Count the lines below that include the word "Product", then give that number and no other words.

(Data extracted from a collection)
┌──

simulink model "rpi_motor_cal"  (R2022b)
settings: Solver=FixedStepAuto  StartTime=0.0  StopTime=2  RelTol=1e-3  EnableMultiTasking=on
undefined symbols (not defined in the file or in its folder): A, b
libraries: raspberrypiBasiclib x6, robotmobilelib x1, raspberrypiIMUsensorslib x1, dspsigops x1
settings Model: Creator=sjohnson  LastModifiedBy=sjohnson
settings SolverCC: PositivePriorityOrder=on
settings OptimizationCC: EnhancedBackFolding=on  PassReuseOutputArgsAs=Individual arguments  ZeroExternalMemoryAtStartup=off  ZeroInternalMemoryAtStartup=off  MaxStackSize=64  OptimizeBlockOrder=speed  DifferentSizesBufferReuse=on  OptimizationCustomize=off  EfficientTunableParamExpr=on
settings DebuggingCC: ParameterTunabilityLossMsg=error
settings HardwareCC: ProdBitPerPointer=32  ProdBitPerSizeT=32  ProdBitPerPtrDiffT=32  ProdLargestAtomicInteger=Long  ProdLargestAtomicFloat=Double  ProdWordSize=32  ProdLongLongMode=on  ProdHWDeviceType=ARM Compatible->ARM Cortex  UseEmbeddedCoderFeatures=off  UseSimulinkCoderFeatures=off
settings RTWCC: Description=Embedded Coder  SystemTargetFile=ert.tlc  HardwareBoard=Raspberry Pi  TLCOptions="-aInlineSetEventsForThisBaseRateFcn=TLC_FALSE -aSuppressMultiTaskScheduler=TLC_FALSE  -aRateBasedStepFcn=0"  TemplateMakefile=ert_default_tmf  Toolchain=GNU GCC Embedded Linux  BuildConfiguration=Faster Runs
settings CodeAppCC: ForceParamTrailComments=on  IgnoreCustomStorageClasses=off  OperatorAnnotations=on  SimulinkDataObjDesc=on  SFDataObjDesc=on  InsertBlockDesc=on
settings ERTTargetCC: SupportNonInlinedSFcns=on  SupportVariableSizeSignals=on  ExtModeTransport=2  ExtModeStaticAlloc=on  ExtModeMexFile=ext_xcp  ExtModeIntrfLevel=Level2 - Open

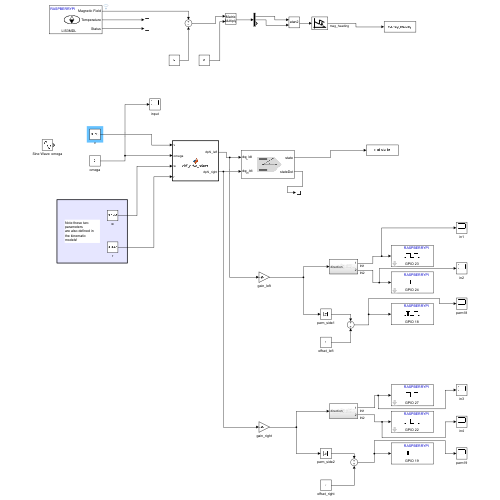
[thumbnail: Simulink's stored preview of the top-level diagram]
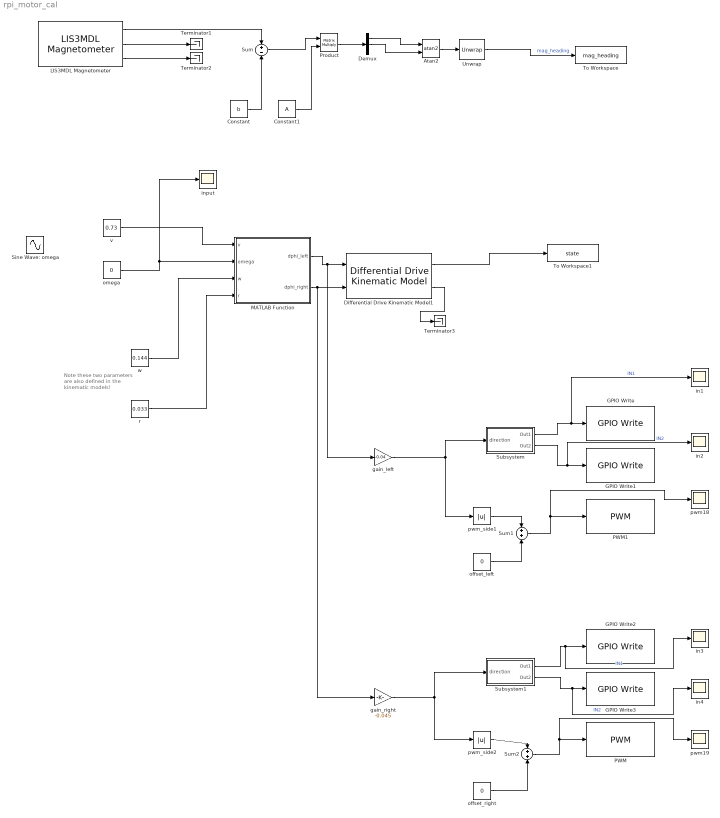
== system rpi_motor_cal ==
  note: Note these two parameters
      | are also defined in the kinematic
      | models!
  Atan2 : Trigonometry  Operator=atan2
  Constant : Constant  Value=b
  Constant1 : Constant  Value=A
  Demux : Demux  Outputs=3
  Differential Drive Kinematic Model1 : robotmobilelib/Differential Drive Kinematic Model  VehicleInputs=Wheel Speeds  WheelRadius=.033  WheelSpeedRange=[-inf inf]  TrackWidth=0.144  InitialState=[0; 0; 0]  SimulateUsing=Interpreted execution
  GPIO Write : raspberrypiBasiclib/GPIO Write  board=Pi 4 Model B  gpio=23  direction=Output  blockPlatform=Raspberry Pi
  GPIO Write1 : raspberrypiBasiclib/GPIO Write  board=Pi 4 Model B  gpio=24  direction=Output  blockPlatform=Raspberry Pi
  GPIO Write2 : raspberrypiBasiclib/GPIO Write  board=Pi 4 Model B  gpio=27  direction=Output  blockPlatform=Raspberry Pi
  GPIO Write3 : raspberrypiBasiclib/GPIO Write  board=Pi 4 Model B  gpio=22  direction=Output  blockPlatform=Raspberry Pi
  LIS3MDL Magnetometer : raspberrypiIMUsensorslib/LIS3MDL Magnetometer  I2CModule=1  I2CAddress=0x1E  IsActiveMagnetometer=on  IsActiveTemperature=on  IsStatus=on  SampleTime=-1  MagnetometerRange=+/- 400 uT  MagnetometerODR=40 Hz
  MATLAB Function : MATLAB Function  TreatAsAtomicUnit=on
  PWM : raspberrypiBasiclib/PWM  board=Pi 4 Model B  Pin_=19  Frequency=50  blockPlatform=Raspberry Pi
  PWM1 : raspberrypiBasiclib/PWM  board=Pi 4 Model B  Pin_=18  Frequency=50  blockPlatform=Raspberry Pi
  Product : Product  Multiplication=Matrix(*)
  Sine Wave: omega : Sin  Amplitude=0.1  Frequency=0.1  SampleTime=0
  Subsystem : Subsystem
  Subsystem1 : Subsystem
  Sum : Sum  Inputs=+-
  Sum1 : Sum
  Sum2 : Sum
  Terminator1 : Terminator
  Terminator2 : Terminator
  Terminator3 : Terminator
  To Workspace : ToWorkspace  VariableName=mag_heading  SaveFormat=Structure With Time  SampleTime=-1
  To Workspace1 : ToWorkspace  VariableName=state  SaveFormat=Structure With Time  SampleTime=-1
  Unwrap : dspsigops/Unwrap  tol=pi  InputProcessing=Columns as channels (frame based)  running=off
  gain_left : Gain  Gain=-0.04
  gain_right : Gain  Gain=-0.045
  in{1..4} (4 alike) : Scope
  input : Scope
  offset_left : Constant  Value=0
  offset_right : Constant  Value=0
  omega : Constant  Value=0
  pwm18 : Scope
  pwm19 : Scope
  pwm_side1 : Abs  SaturateOnIntegerOverflow=off
  pwm_side2 : Abs  SaturateOnIntegerOverflow=off
  r : Constant  Value=0.033
  v : Constant  Value=0.73
  w : Constant  Value=0.144
  wires:
  LIS3MDL Magnetometer/2 -> Terminator1/1
  Product/1 -> Demux/1
  Constant1/1 -> Product/2
  LIS3MDL Magnetometer/1 -> Sum/1
  Sum/1 -> Product/1
  Atan2/1 -> Unwrap/1
  Demux/1 -> Atan2/1
  LIS3MDL Magnetometer/3 -> Terminator2/1
  Constant/1 -> Sum/2
  Demux/2 -> Atan2/2
  v/1 -> MATLAB Function/1(v)
  MATLAB Function/1(dphi_left) -> gain_left/1, Differential Drive Kinematic Model1/1
  omega/1 -> input/1, MATLAB Function/2(omega)
  Differential Drive Kinematic Model1/2 -> Terminator3/1
  w/1 -> MATLAB Function/3(w)
  r/1 -> MATLAB Function/4(r)
  Subsystem/1(Out1) -> in1/1, GPIO Write/1  "IN1"
  gain_left/1 -> Subsystem/1(direction), pwm_side1/1
  Subsystem/2(Out2) -> in2/1, GPIO Write1/1  "IN2"
  Sum1/1 -> pwm18/1, PWM1/1
  Sum2/1 -> PWM/1, pwm19/1
  gain_right/1 -> Subsystem1/1(direction), pwm_side2/1
  Subsystem1/1(Out1) -> in3/1, GPIO Write2/1  "IN1"
  Subsystem1/2(Out2) -> in4/1, GPIO Write3/1  "IN2"
  offset_left/1 -> Sum1/2
  offset_right/1 -> Sum2/2
  MATLAB Function/2(dphi_right) -> gain_right/1, Differential Drive Kinematic Model1/2
  Unwrap/1 -> To Workspace/1  "mag_heading"
  Differential Drive Kinematic Model1/1 -> To Workspace1/1
  pwm_side1/1 -> Sum1/1
  pwm_side2/1 -> Sum2/1

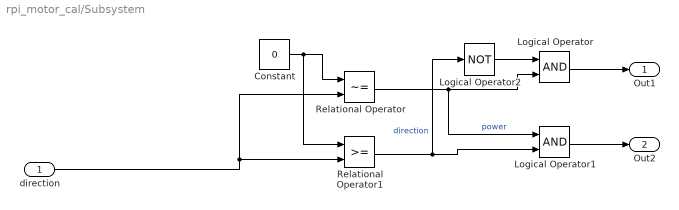
== system rpi_motor_cal/Subsystem ==
  direction : Inport
  Constant : Constant  Value=0
  Logical Operator : Logic  AllPortsSameDT=off  OutDataTypeStr=boolean
  Logical Operator1 : Logic  AllPortsSameDT=off  OutDataTypeStr=boolean
  Logical Operator2 : Logic  Operator=NOT  Inputs=1  AllPortsSameDT=off  OutDataTypeStr=boolean
  Relational Operator : RelationalOperator  Operator=~=  OutDataTypeStr=boolean  RndMeth=Simplest  InputSameDT=off
  Relational Operator1 : RelationalOperator  OutDataTypeStr=boolean  RndMeth=Simplest  InputSameDT=off
  Out1 : Outport
  Out2 : Outport  Port=2
  wires:
  Logical Operator/1 -> Out1/1
  Relational Operator1/1 -> Logical Operator2/1, Logical Operator1/2  "direction"
  Logical Operator1/1 -> Out2/1
  Logical Operator2/1 -> Logical Operator/1
  direction/1 -> Relational Operator/2, Relational Operator1/2
  Constant/1 -> Relational Operator1/1, Relational Operator/1
  Relational Operator/1 -> Logical Operator1/1, Logical Operator/2  "power"

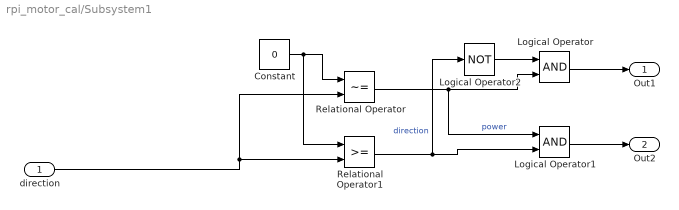
== system rpi_motor_cal/Subsystem1 ==
  direction : Inport
  Constant : Constant  Value=0
  Logical Operator : Logic  AllPortsSameDT=off  OutDataTypeStr=boolean
  Logical Operator1 : Logic  AllPortsSameDT=off  OutDataTypeStr=boolean
  Logical Operator2 : Logic  Operator=NOT  Inputs=1  AllPortsSameDT=off  OutDataTypeStr=boolean
  Relational Operator : RelationalOperator  Operator=~=  OutDataTypeStr=boolean  RndMeth=Simplest  InputSameDT=off
  Relational Operator1 : RelationalOperator  OutDataTypeStr=boolean  RndMeth=Simplest  InputSameDT=off
  Out1 : Outport
  Out2 : Outport  Port=2
  wires:
  Logical Operator/1 -> Out1/1
  Relational Operator1/1 -> Logical Operator2/1, Logical Operator1/2  "direction"
  Logical Operator1/1 -> Out2/1
  Logical Operator2/1 -> Logical Operator/1
  direction/1 -> Relational Operator/2, Relational Operator1/2
  Constant/1 -> Relational Operator1/1, Relational Operator/1
  Relational Operator/1 -> Logical Operator1/1, Logical Operator/2  "power"

== matlab function rpi_motor_cal/MATLAB Function ==
  data: v input; dphi_left output; omega input; w input; r input; dphi_right output
function [dphi_left, dphi_right] = diff_drive_xform(v, omega, w, r)

c1 = w/(2*r);
c2 = 2/w;

dphi_left = c1 * ( c2*v - omega );
dphi_right = c1 * ( c2*v + omega );

└──

» **ANSWER TO THE EXERCISE**:
4